SurrealDB is a multi-model database built in Rust designed to unify multiple data models into a single, powerful engine. It combines document, graph, time-series, relational, geospatial and key-value data types into one query language, SurrrealQL, with powerful search and retrieval (vector, full-text, hybrid), and real-time and event-driven capabilities, enabling developers to build applications faster and more efficiently.
Common SurrealDB use cases include AI agents, knowledge graphs, real-time apps (e.g. recommendation engines, fraud detection systems), and any other type of application requiring multiple data types. SurrealDB can also be used as a backend-as-a-service (BaaS) thanks to its support for direct user authentication. Given that it’s a single Rust binary, SurrealDB can also run embedded (in‐app), in the browser (via WebAssembly), in the edge, as single backend node, or in a distributed cluster.
SurrealDB is open source (see the code here on GitHub) and is also available as a cloud managed service through SurrealDB Cloud.
Differentiators
Native multi-model: combines document, graph, time-series, relational, geospatial and key-value data models natively into SurrealQL, without workarounds or added complexity.
AI native: purpose-built for AI and context-aware applications with integrated search and retrieval (vector, full-text, hybrid) that blend semantic, graph, and relational intelligence.
Real-time and event-driven: built-in real-time subscriptions, event triggers, and streaming updates power reactive, real-time experiences - no need for extra layers like Kafka.
Powerful developer experience: SurrealQL is intuitive and combines the best ideas from SQL, NoSQL and graph within a single native syntax. Start schemaless and then make your schema as strictly defined as you like.
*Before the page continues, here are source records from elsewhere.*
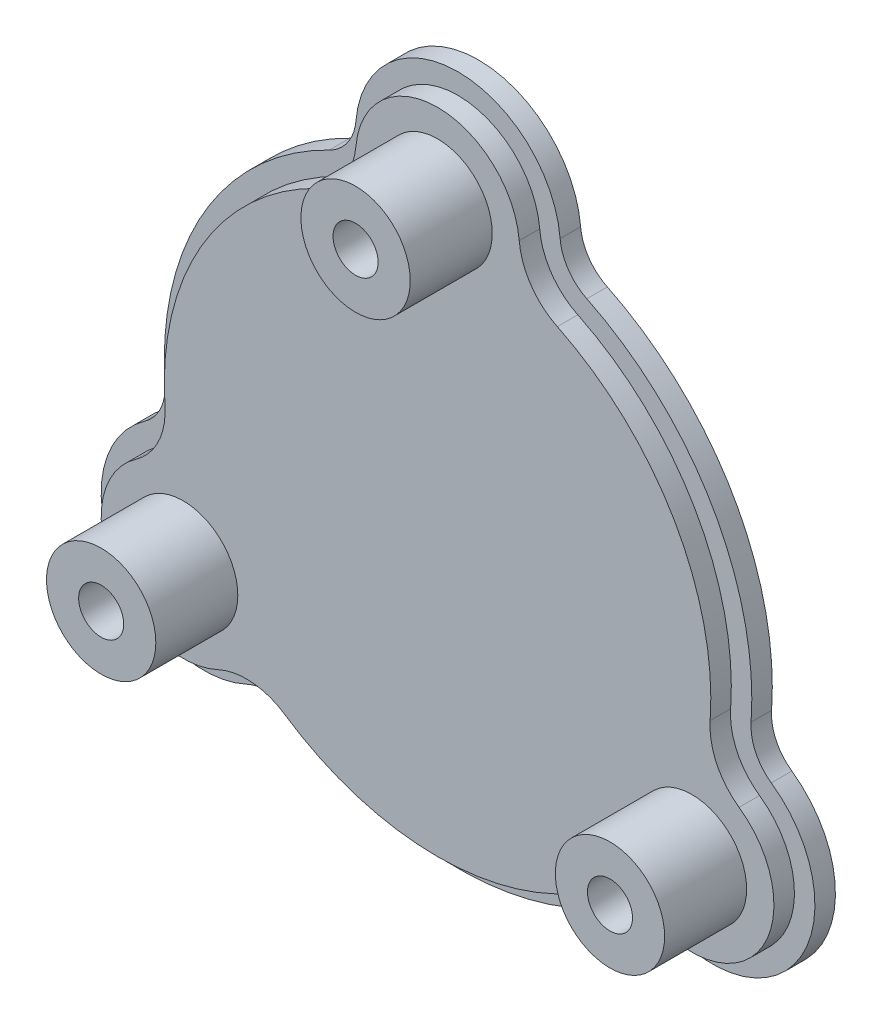
ISO-10303-21;
HEADER;
FILE_DESCRIPTION(('STEP AP214'),'2;1');
FILE_NAME('part.step','',(''),(''),'','','');
FILE_SCHEMA(('AUTOMOTIVE_DESIGN { 1 0 10303 214 1 1 1 1 }'));
ENDSEC;
DATA;
#1=APPLICATION_CONTEXT('core data for automotive mechanical design processes');
#2=APPLICATION_PROTOCOL_DEFINITION('international standard','automotive_design',2000,#1);
#3=PRODUCT_CONTEXT('',#1,'mechanical');
#4=PRODUCT('Part','Part','',(#3));
#5=PRODUCT_RELATED_PRODUCT_CATEGORY('part','',(#4));
#6=PRODUCT_DEFINITION_FORMATION('','',#4);
#7=PRODUCT_DEFINITION_CONTEXT('part definition',#1,'design');
#8=PRODUCT_DEFINITION('design','',#6,#7);
#9=PRODUCT_DEFINITION_SHAPE('','',#8);
#10=(LENGTH_UNIT() NAMED_UNIT(*) SI_UNIT(.MILLI.,.METRE.));
#11=(NAMED_UNIT(*) PLANE_ANGLE_UNIT() SI_UNIT($,.RADIAN.));
#12=(NAMED_UNIT(*) SI_UNIT($,.STERADIAN.) SOLID_ANGLE_UNIT());
#13=UNCERTAINTY_MEASURE_WITH_UNIT(LENGTH_MEASURE(1.E-05),#10,'distance_accuracy_value','');
#14=(GEOMETRIC_REPRESENTATION_CONTEXT(3) GLOBAL_UNCERTAINTY_ASSIGNED_CONTEXT((#13)) GLOBAL_UNIT_ASSIGNED_CONTEXT((#10,
#11,#12)) REPRESENTATION_CONTEXT('',''));
#15=CARTESIAN_POINT('',(0.,0.,0.));
#16=DIRECTION('',(0.,0.,1.));
#17=DIRECTION('',(1.,0.,0.));
#18=AXIS2_PLACEMENT_3D('',#15,#16,#17);
#19=CARTESIAN_POINT('',(49.8778588175734,-3.49273528544797,3.));
#20=DIRECTION('',(0.,0.,-1.));
#21=DIRECTION('',(-1.,0.,0.));
#22=AXIS2_PLACEMENT_3D('',#19,#20,#21);
#23=CYLINDRICAL_SURFACE('',#22,7.);
#24=CARTESIAN_POINT('',(49.8778588175734,-3.49273528544797,0.));
#25=DIRECTION('',(0.,0.,1.));
#26=DIRECTION('',(1.,0.,0.));
#27=AXIS2_PLACEMENT_3D('',#24,#25,#26);
#28=CIRCLE('',#27,7.);
#29=CARTESIAN_POINT('',(42.8949585831132,-3.00375234548526,0.));
#30=VERTEX_POINT('',#29);
#31=CARTESIAN_POINT('',(45.8564331273962,-9.22231951280553,0.));
#32=VERTEX_POINT('',#31);
#33=EDGE_CURVE('E243',#30,#32,#28,.T.);
#34=ORIENTED_EDGE('',*,*,#33,.F.);
#35=DIRECTION('',(0.,0.,-1.));
#36=VECTOR('',#35,1.);
#37=CARTESIAN_POINT('',(42.8949585831132,-3.00375234548526,3.));
#38=LINE('',#37,#36);
#39=CARTESIAN_POINT('',(42.8949585831132,-3.00375234548526,3.));
#40=VERTEX_POINT('',#39);
#41=EDGE_CURVE('E11',#40,#30,#38,.T.);
#42=ORIENTED_EDGE('',*,*,#41,.F.);
#43=CARTESIAN_POINT('',(49.8778588175734,-3.49273528544797,3.));
#44=DIRECTION('',(0.,0.,1.));
#45=DIRECTION('',(1.,0.,0.));
#46=AXIS2_PLACEMENT_3D('',#43,#44,#45);
#47=CIRCLE('',#46,7.);
#48=CARTESIAN_POINT('',(45.8564331273962,-9.22231951280553,3.));
#49=VERTEX_POINT('',#48);
#50=EDGE_CURVE('E310',#40,#49,#47,.T.);
#51=ORIENTED_EDGE('',*,*,#50,.T.);
#52=DIRECTION('',(0.,0.,-1.));
#53=VECTOR('',#52,1.);
#54=CARTESIAN_POINT('',(45.8564331273962,-9.22231951280553,3.));
#55=LINE('',#54,#53);
#56=EDGE_CURVE('E103',#49,#32,#55,.T.);
#57=ORIENTED_EDGE('',*,*,#56,.T.);
#58=EDGE_LOOP('',(#34,#42,#51,#57));
#59=FACE_BOUND('',#58,.T.);
#60=ADVANCED_FACE('F39',(#59),#23,.F.);
#61=CARTESIAN_POINT('',(0.,0.,3.));
#62=DIRECTION('',(0.,0.,-1.));
#63=DIRECTION('',(-1.,0.,0.));
#64=AXIS2_PLACEMENT_3D('',#61,#62,#63);
#65=CYLINDRICAL_SURFACE('',#64,43.);
#66=CARTESIAN_POINT('',(0.,0.,0.));
#67=DIRECTION('',(0.,0.,1.));
#68=DIRECTION('',(1.,0.,0.));
#69=AXIS2_PLACEMENT_3D('',#66,#67,#68);
#70=CIRCLE('',#69,43.);
#71=CARTESIAN_POINT('',(18.8461534536892,38.65,0.));
#72=VERTEX_POINT('',#71);
#73=EDGE_CURVE('E240',#30,#72,#70,.T.);
#74=ORIENTED_EDGE('',*,*,#73,.T.);
#75=DIRECTION('',(0.,0.,-1.));
#76=VECTOR('',#75,1.);
#77=CARTESIAN_POINT('',(18.8461534536892,38.65,3.));
#78=LINE('',#77,#76);
#79=CARTESIAN_POINT('',(18.8461534536892,38.65,3.));
#80=VERTEX_POINT('',#79);
#81=EDGE_CURVE('E48',#80,#72,#78,.T.);
#82=ORIENTED_EDGE('',*,*,#81,.F.);
#83=CARTESIAN_POINT('',(0.,0.,3.));
#84=DIRECTION('',(0.,0.,1.));
#85=DIRECTION('',(1.,0.,0.));
#86=AXIS2_PLACEMENT_3D('',#83,#84,#85);
#87=CIRCLE('',#86,43.);
#88=EDGE_CURVE('E307',#40,#80,#87,.T.);
#89=ORIENTED_EDGE('',*,*,#88,.F.);
#90=ORIENTED_EDGE('',*,*,#41,.T.);
#91=EDGE_LOOP('',(#74,#82,#89,#90));
#92=FACE_BOUND('',#91,.T.);
#93=ADVANCED_FACE('F241',(#92),#65,.T.);
#94=CARTESIAN_POINT('',(21.9141319228944,44.9418604651163,3.));
#95=DIRECTION('',(0.,0.,-1.));
#96=DIRECTION('',(-1.,0.,0.));
#97=AXIS2_PLACEMENT_3D('',#94,#95,#96);
#98=CYLINDRICAL_SURFACE('',#97,7.);
#99=CARTESIAN_POINT('',(21.9141319228944,44.9418604651163,0.));
#100=DIRECTION('',(0.,0.,1.));
#101=DIRECTION('',(1.,0.,0.));
#102=AXIS2_PLACEMENT_3D('',#99,#100,#101);
#103=CIRCLE('',#102,7.);
#104=CARTESIAN_POINT('',(14.9414535837918,44.3239957716702,0.));
#105=VERTEX_POINT('',#104);
#106=EDGE_CURVE('E233',#72,#105,#103,.F.);
#107=ORIENTED_EDGE('',*,*,#106,.T.);
#108=DIRECTION('',(0.,0.,-1.));
#109=VECTOR('',#108,1.);
#110=CARTESIAN_POINT('',(14.9414535837918,44.3239957716702,3.));
#111=LINE('',#110,#109);
#112=CARTESIAN_POINT('',(14.9414535837918,44.3239957716702,3.));
#113=VERTEX_POINT('',#112);
#114=EDGE_CURVE('E222',#113,#105,#111,.T.);
#115=ORIENTED_EDGE('',*,*,#114,.F.);
#116=CARTESIAN_POINT('',(21.9141319228944,44.9418604651163,3.));
#117=DIRECTION('',(0.,0.,1.));
#118=DIRECTION('',(1.,0.,0.));
#119=AXIS2_PLACEMENT_3D('',#116,#117,#118);
#120=CIRCLE('',#119,7.);
#121=EDGE_CURVE('E235',#80,#113,#120,.F.);
#122=ORIENTED_EDGE('',*,*,#121,.F.);
#123=ORIENTED_EDGE('',*,*,#81,.T.);
#124=EDGE_LOOP('',(#107,#115,#122,#123));
#125=FACE_BOUND('',#124,.T.);
#126=ADVANCED_FACE('F231',(#125),#98,.F.);
#127=CARTESIAN_POINT('',(0.,43.,3.));
#128=DIRECTION('',(0.,0.,-1.));
#129=DIRECTION('',(-1.,0.,0.));
#130=AXIS2_PLACEMENT_3D('',#127,#128,#129);
#131=CYLINDRICAL_SURFACE('',#130,15.0000000000002);
#132=CARTESIAN_POINT('',(0.,43.,0.));
#133=DIRECTION('',(0.,0.,1.));
#134=DIRECTION('',(1.,0.,0.));
#135=AXIS2_PLACEMENT_3D('',#132,#133,#134);
#136=CIRCLE('',#135,15.0000000000002);
#137=CARTESIAN_POINT('',(-14.9414535837918,44.3239957716701,0.));
#138=VERTEX_POINT('',#137);
#139=EDGE_CURVE('E247',#105,#138,#136,.T.);
#140=ORIENTED_EDGE('',*,*,#139,.T.);
#141=DIRECTION('',(0.,0.,-1.));
#142=VECTOR('',#141,1.);
#143=CARTESIAN_POINT('',(-14.9414535837918,44.3239957716701,3.));
#144=LINE('',#143,#142);
#145=CARTESIAN_POINT('',(-14.9414535837918,44.3239957716701,3.));
#146=VERTEX_POINT('',#145);
#147=EDGE_CURVE('E219',#146,#138,#144,.T.);
#148=ORIENTED_EDGE('',*,*,#147,.F.);
#149=CARTESIAN_POINT('',(0.,43.,3.));
#150=DIRECTION('',(0.,0.,1.));
#151=DIRECTION('',(1.,0.,0.));
#152=AXIS2_PLACEMENT_3D('',#149,#150,#151);
#153=CIRCLE('',#152,15.0000000000002);
#154=EDGE_CURVE('E302',#113,#146,#153,.T.);
#155=ORIENTED_EDGE('',*,*,#154,.F.);
#156=ORIENTED_EDGE('',*,*,#114,.T.);
#157=EDGE_LOOP('',(#140,#148,#155,#156));
#158=FACE_BOUND('',#157,.T.);
#159=ADVANCED_FACE('F637',(#158),#131,.T.);
#160=CARTESIAN_POINT('',(-21.9141319228947,44.9418604651161,3.));
#161=DIRECTION('',(0.,0.,-1.));
#162=DIRECTION('',(-1.,0.,0.));
#163=AXIS2_PLACEMENT_3D('',#160,#161,#162);
#164=CYLINDRICAL_SURFACE('',#163,7.);
#165=CARTESIAN_POINT('',(-21.9141319228947,44.9418604651161,0.));
#166=DIRECTION('',(0.,0.,1.));
#167=DIRECTION('',(1.,0.,0.));
#168=AXIS2_PLACEMENT_3D('',#165,#166,#167);
#169=CIRCLE('',#168,7.);
#170=CARTESIAN_POINT('',(-18.8461534536894,38.6499999999999,0.));
#171=VERTEX_POINT('',#170);
#172=EDGE_CURVE('E256',#171,#138,#169,.T.);
#173=ORIENTED_EDGE('',*,*,#172,.F.);
#174=DIRECTION('',(0.,0.,-1.));
#175=VECTOR('',#174,1.);
#176=CARTESIAN_POINT('',(-18.8461534536894,38.6499999999999,3.));
#177=LINE('',#176,#175);
#178=CARTESIAN_POINT('',(-18.8461534536894,38.6499999999999,3.));
#179=VERTEX_POINT('',#178);
#180=EDGE_CURVE('E216',#179,#171,#177,.T.);
#181=ORIENTED_EDGE('',*,*,#180,.F.);
#182=CARTESIAN_POINT('',(-21.9141319228947,44.9418604651161,3.));
#183=DIRECTION('',(0.,0.,1.));
#184=DIRECTION('',(1.,0.,0.));
#185=AXIS2_PLACEMENT_3D('',#182,#183,#184);
#186=CIRCLE('',#185,7.);
#187=EDGE_CURVE('E298',#179,#146,#186,.T.);
#188=ORIENTED_EDGE('',*,*,#187,.T.);
#189=ORIENTED_EDGE('',*,*,#147,.T.);
#190=EDGE_LOOP('',(#173,#181,#188,#189));
#191=FACE_BOUND('',#190,.T.);
#192=ADVANCED_FACE('F633',(#191),#164,.F.);
#193=CARTESIAN_POINT('',(0.,0.,3.));
#194=DIRECTION('',(0.,0.,-1.));
#195=DIRECTION('',(-1.,0.,0.));
#196=AXIS2_PLACEMENT_3D('',#193,#194,#195);
#197=CYLINDRICAL_SURFACE('',#196,43.);
#198=CARTESIAN_POINT('',(0.,0.,0.));
#199=DIRECTION('',(0.,0.,1.));
#200=DIRECTION('',(1.,0.,0.));
#201=AXIS2_PLACEMENT_3D('',#198,#199,#200);
#202=CIRCLE('',#201,43.);
#203=CARTESIAN_POINT('',(-42.8949585831132,-3.00375234548494,0.));
#204=VERTEX_POINT('',#203);
#205=EDGE_CURVE('E260',#171,#204,#202,.T.);
#206=ORIENTED_EDGE('',*,*,#205,.T.);
#207=DIRECTION('',(0.,0.,-1.));
#208=VECTOR('',#207,1.);
#209=CARTESIAN_POINT('',(-42.8949585831132,-3.00375234548494,3.));
#210=LINE('',#209,#208);
#211=CARTESIAN_POINT('',(-42.8949585831132,-3.00375234548494,3.));
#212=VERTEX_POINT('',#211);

Rust-powered performance: high efficiency, memory safety, type safety and concurrency with a single Rust binary.
Native ACID compliance: guarantees immediate data consistency. Opt in to eventual consistency in certain cases if desired.
Deployment flexibility: single Rust binary and storage/compute separation allow SurrealDB to run embedded (in‐app), in the browser (via WebAssembly) or as a traditional back-end in a single node or in a highly-scalable distributed cluster.
Secure by design: built-in security with RBAC, record-level permissions, fine-grained access controls, JWT authentication, multi-tenant isolation and built-in compliance (SOC 2, ISO 27001) keep data protected by default.
SurrealDB is being used at scale in production by large organisations. To list a few, SurrealDB is used by:
Samsung Ads, for knowledge graphs in advertising analytics.
SiteForge, to reduce its development cycle, queries, and backend API usage.
Verizon, for its generative AI assistant utilized by field technicians.
Tencent, for infrastructure monitoring, having consolidated 9 tools into one.
PolyAI, for low-latency, customer-controlled RAG across voice AI experiences.
More companies and an overview of the benefits provided by SurrealDB can be found in our enterprise case studies page.
Use cases
SurrealDB is ideal for any application, in particular data intensive applications that require multiple data systems, such as:
AI agents: building Generative AI systems leveraging a single unstructured and structured data layer with vector, graph and real-time capabilities for RAG, Graph RAG, and agent memory.
Knowledge graphs: turning unstructured data into structured, queryable data with a flexible multi-model approach including support for graph relationships.
Real-time analytics: fraud detection systems, recommendation engines and log analytics.
Embedded & edge computing: SurrealDB is a single lightweight Rust binary and can be embedded in industrial environments, run in-memory or in browser.
Backend-as-a-Service: with support for end-user authentication, SurrealDB can also be used as a BaaS for web applications, if desired.